También trabajan con él la luz, los materiales, las proporciones y el resto de elementos de la habitación.

2. Verde salvia y verdes maduros: calma para la casa
El verde tiene algo especial.
Es un color tranquilo que puede favorecer la concentración, por eso resulta especialmente apropiado para zonas de estudio o espacios en los que buscamos cierta sensación de calma.
Pero no todos los verdes producen el mismo efecto.
Los verdes maduros, como el salvia o el oliva, resultan más reposados que los verdes brillantes. Esa diferencia puede cambiar completamente la atmósfera de una habitación.
No es casualidad que los verdes sigan ganando protagonismo en las tendencias de color de 2026. Behr, por ejemplo, ha elegido Hidden Gem, un verde jade ahumado, como su Color of the Year 2026.
En Madrid puede funcionar especialmente bien cuando queremos introducir color sin que la vivienda pierda serenidad.
Y no hace falta pintar toda la casa.
Un estudio, una pared del salón, un dormitorio o incluso un recibidor pueden ser suficientes.

3. Vino y burdeos: cuando quieres que una habitación tenga carácter
El rojo no pasa precisamente desapercibido.
Dentro de su gama, los granates y los tonos vino son colores osados, dominantes y provocadores. En versiones profundas, además, pueden aportar mucha sofisticación.
Por eso no los elegiría simplemente porque son tendencia.
Los elegiría cuando quiero que una estancia tenga presencia.
Hay además un efecto espacial muy interesante: los colores fuertes y cálidos, como el vino o el burdeos, pueden producir una sensación visual de avance. Es decir, la superficie coloreada parece acercarse.

Esto puede ser muy útil en determinadas viviendas.
¿Tienes un pasillo demasiado largo? ¿Una habitación que parece un túnel?
Un color cálido e intenso colocado estratégicamente en el fondo puede ayudar a modificar visualmente esa percepción.
Y ocurre justo lo contrario con determinados tonos fríos, que pueden producir una sensación de retroceso visual.
El color, por tanto, también puede ser una herramienta para corregir ópticamente un espacio.
No elijas un color solo porque sea tendencia
Esta es probablemente la parte que más me interesa como diseñadora de espacios.
Puedes ver una fotografía preciosa de un salón marrón chocolate, guardarla en Pinterest y pensar: “Esto es lo que quiero”.
Pero tu salón no es ese salón.
Tiene otra orientación, otra cantidad de luz, otras dimensiones, otros muebles y otra relación con el resto de la vivienda.
Por eso antes de elegir un color hay que mirar el espacio.
Los colores oscuros, por ejemplo, pueden utilizarse para acercar visualmente un techo demasiado alto o determinadas paredes laterales en estancias muy anchas.
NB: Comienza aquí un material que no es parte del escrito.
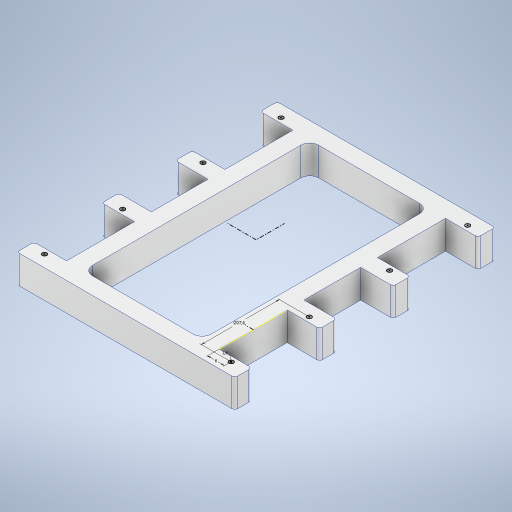
# Autodesk Inventor part: rapoukBasev4
Saved by Autodesk Inventor 2024 (Build 280153000, 153)
## iProperties
Created: 2023-06-17
Part Number: rapoukBasev4
Material: Aluminum 6061
Document SubType Name: Modeling
Designer: Roman
Density: 2.7 g/cm^3
Appearance: Aluminum - Flat
Description: Základní konstrukce
Mass: 59.5776 g
Surface Area: 124.22 cm^2
Volume: 22.0658 cm^3
Polotovar: KR...
Author: Roman
## iProperties of the stored document Basev1_3DPrint.ipt
Created: 2023-06-17
Part Number: Basev1_3DPrint
Material: Generic
Document SubType Name: Modeling
Designer: Roman
Density: 1 g/cm^3
Appearance: Default
Author: Roman
Autodesk Inventor part; units mm, degrees
ref_plane "YZ Plane" through (0, 0, 0) normal (1, 0, 0) x (0, 1, 0)
ref_plane "XZ Plane" through (0, 0, 0) normal (0, 1, 0) x (-1, 0, 0)
ref_plane "XY Plane" through (0, 0, 0) normal (0, 0, 1) x (1, 0, 0)
sketch "Sketch1" plane through (0, 0, 0) normal (0, 1, 0) x (-1, 0, 0)
  line L0 (38.5, 46) -> (38.5, -46)
  line L1 (38.5, -46) -> (-38.5, -46)
  line L2 (-38.5, -46) -> (-38.5, 46)
  line L3 (-38.5, 46) -> (38.5, -46) construction
  line L4 (38.5, 46) -> (-38.5, -46) construction
  line L5 (38.5, 46) -> (-38.5, 46)
  point P0 (0, 0)
  dimension "d0" = 77
  dimension "d1" = 92
  constraints: 12 end point, 2 midpoint, 1 horizontal, 1 parallel, 1 perpendicular
  measures "d0" distance of L0.end L1.end
  measures "d1" distance of L0.start L0.end
extrude "Extrusion1" add sketch "Sketch1" along normal blind 10
sketch "Sketch3" plane through (0, 10, 0) normal (0, 1, 0) x (1, 0, 0)
  line L0 (27, -46) -> (27, 46)
  line L1 (38.5, -46) -> (38.5, 46) projected
  line L2 (38.5, -40) -> (27, -40)
  line L3 (27, -40) -> (27, -16)
  line L4 (27, -16) -> (38.5, -16)
  line L5 (38.5, -16) -> (38.5, -40)
  line L6 (0, 0) -> (10, 0)
  line L7 (0, 0) -> (0, 10)
  line L8 (38.5, 40) -> (27, 40)
  line L9 (27, 16) -> (38.5, 16)
  line L10 (38.5, 16) -> (38.5, 40)
  line L11 (27, 40) -> (0, 40)
  line L12 (21, -34) -> (21, 40)
  line L13 (-27, -46) -> (-27, 46)
  line L14 (-38.5, -46) -> (-38.5, 46)
  line L15 (-38.5, -40) -> (-27, -40)
  line L16 (-27, -16) -> (-38.5, -16)
  line L17 (-38.5, 40) -> (-27, 40)
  line L18 (-27, 16) -> (-38.5, 16)
  line L19 (-27, 40) -> (0, 40)
  line L20 (-21, -34) -> (-21, 40)
  line L21 (27, 0) -> (38.5, 0)
  line L22 (38.5, 0) -> (38.5, -10)
  line L23 (38.5, -10) -> (27, -10)
  line L24 (27, -10) -> (27, 0)
  line L25 (38.5, 46) -> (38.5, -46)
  line L26 (38.5, 10) -> (27, 10)
  line L27 (-38.5, -10) -> (-27, -10)
  line L28 (-38.5, 10) -> (-27, 10)
  line L29 (-38.5, -46) -> (38.5, -46) projected
  line L30 (38.5, 46) -> (-38.5, 46) projected
  line L31 (-27, -40) -> (27, -40)
  line L32 (-21, -34) -> (-21, -40)
  line L33 (21, -34) -> (21, -40)
  line L34 (-32, -10) -> (-32, 10)
  point P0 (32.75, -40)
  point P1 (-27, -34)
  point P2 (27, 16)
  point P3 (38.5, 16)
  point P4 (38.5, 40)
  point P5 (27, 40)
  point P6 (38.5, -16)
  point P7 (27, -40)
  point P8 (-27, 40)
  point P9 (-38.5, 40)
  point P10 (-38.5, 16)
  point P11 (-38.5, -16)
  point P12 (-27, -40)
  point P13 (32.75, -16)
  point P14 (-38.5, 10)
  point P15 (-38.5, -10)
  point P16 (-27, -10)
  point P17 (27, -10)
  point P18 (38.5, 10)
  point P19 (27, 10)
  point P20 (-32.75, -40)
  point P21 (32.75, 0)
  point P22 (32.75, -10)
  dimension "d12" = 24
  dimension "d14" = 10
  dimension "d15" = 10
  dimension "d18" = 6
  dimension "d21" = 6
  dimension "d48" = 42
  dimension "d49" = 6
  dimension "d51" = 6
  dimension "d52" = 10
  dimension "d72" = 5
  constraints: 64 end point, 25 symmetric about line, 14 point on line, 7 perpendicular, 6 midpoint, 4 horizontal, 4 parallel, 2 vertical
  measures "d12" distance of L2.end L3.end
  measures "d14" distance of L6.start L6.end
  measures "d15" distance of L6.start L7.end
  measures "d18" distance between parallel lines of L12 L0
  measures "d21" distance from line of L23 point (32.75, -16)
  measures "d48" distance between parallel lines of L20 L12
  measures "d49" distance from line of point (-32.75, -40) L29
  measures "d51" distance between parallel lines of L30 L11
  measures "d52" distance of point (32.75, 0) point (32.75, -10)
  measures "d72" distance between parallel lines of L34 L13
extrude "Extrusion2" cut sketch "Sketch3" against normal through all contours L0 L4 L1 L2 | L31 L32 L20 L19 L11 L12 L33 | L15 L14 L16 L13 | L0 L21 L1 L23 | L0 L26 L1 L21 | L27 L34 L28 L13 | L8 L1 L9 L0 | L27 L14 L28 L34 | L13 L18 L14 L17
fillet "Fillet1" radius 3.175 4 edges at (21, 5, -40) (-21, 5, -40) (-21, 5, 40) (21, 5, 40)
fillet "Fillet2" radius 1 16 edges at (38.5, 5, 46) (38.5, 5, 40) (38.5, 5, 10) (38.5, 5, 16) (38.5, 5, -16) (38.5, 5, -10) (38.5, 5, -40) (38.5, 5, -46) (-38.5, 5, -46) (-38.5, 5, -40) (-38.5, 5, -16) (-38.5, 5, -10) (-38.5, 5, 10) (-38.5, 5, 16) (-38.5, 5, 40) (-38.5, 5, 46)
sketch "Sketch4" plane through (0, 10, 0) normal (0, 1, 0) x (1, 0, 0)
  line L0 (0, 0) -> (0, 10)
  line L1 (0, 0) -> (-10, 0)
  circle A0 centre (33, -41.8) radius 0.8
  line L2 (27, -40) -> (27, -16) projected
  line L3 (27, -28) -> (24, -28)
  circle A1 centre (33, -14.2) radius 0.8
  circle A2 centre (33, 41.8) radius 0.8
  circle A3 centre (33, 14.2) radius 0.8
  circle A4 centre (-33, -41.8) radius 0.8
  circle A5 centre (-33, -14.2) radius 0.8
  circle A6 centre (-33, 41.8) radius 0.8
  circle A7 centre (-33, 14.2) radius 0.8
  dimension "d27" = 1.6
  dimension "d29" = 27.6
  dimension "d30" = 6
  constraints: 8 centre point, 7 symmetric about line, 6 end point, 2 horizontal, 1 midpoint, 1 vertical, 7 other
  measures "d27" diameter of A0
  measures "d29" diameter of A0.centre L3
  measures "d30" horizontal distance of A0.centre L2.start
hole "Hole1" at (-33, 10, 41.8) at (-33, 10, 14.2) at (-33, 10, -14.2) at (-33, 10, -41.8) at (33, 10, -41.8) at (33, 10, -14.2) at (33, 10, 14.2) at (33, 10, 41.8) direction (0, -1, 0) diameter 1.567 depth 10 thread size "M2x0.4" class "6H" standard "ISO Metric profile"
body "Solid1"

Y los colores intensos pueden modificar la percepción de las proporciones.
Es decir: pintar no consiste solamente en cambiar un color. También consiste en cambiar la percepción de una habitación.
¿Y cómo combinamos los colores?
Aquí prefiero una regla sencilla antes que llenar la casa de colores porque todos están de moda.
La regla 60-30-10 sigue siendo una buena referencia:
60 % para el color dominante.
30 % para el color secundario.
10 % para el color de acento.
No es una ley que haya que cumplir al milímetro. Es una forma de empezar a construir una paleta equilibrada.
También funcionan especialmente bien algunas combinaciones naturales: verdes con marrones y beiges, por ejemplo, crean una sensación vinculada a la naturaleza. Y un color intenso como el verde inglés o un chocolate profundo puede equilibrarse con maderas claras como haya o abedul.
Entonces, ¿qué color elegiría para tu casa en Madrid este otoño?
No elegiría uno porque alguien haya dicho que es “el color del año”.
Elegiría el que tenga sentido para tu vivienda.
El marrón chocolate si buscas calidez y sofisticación.
El verde salvia u oliva si quieres una sensación más tranquila y reposada.
El vino o el burdeos si quieres carácter y necesitas que una determinada superficie avance visualmente.
Y si ninguno de ellos funciona con la luz y las proporciones de tu casa, no pasa nada.
Una buena elección de color no es la que está más de moda. Es la que hace que tu espacio funcione mejor.
Y ahí es donde el interiorismo deja de ser simplemente decoración.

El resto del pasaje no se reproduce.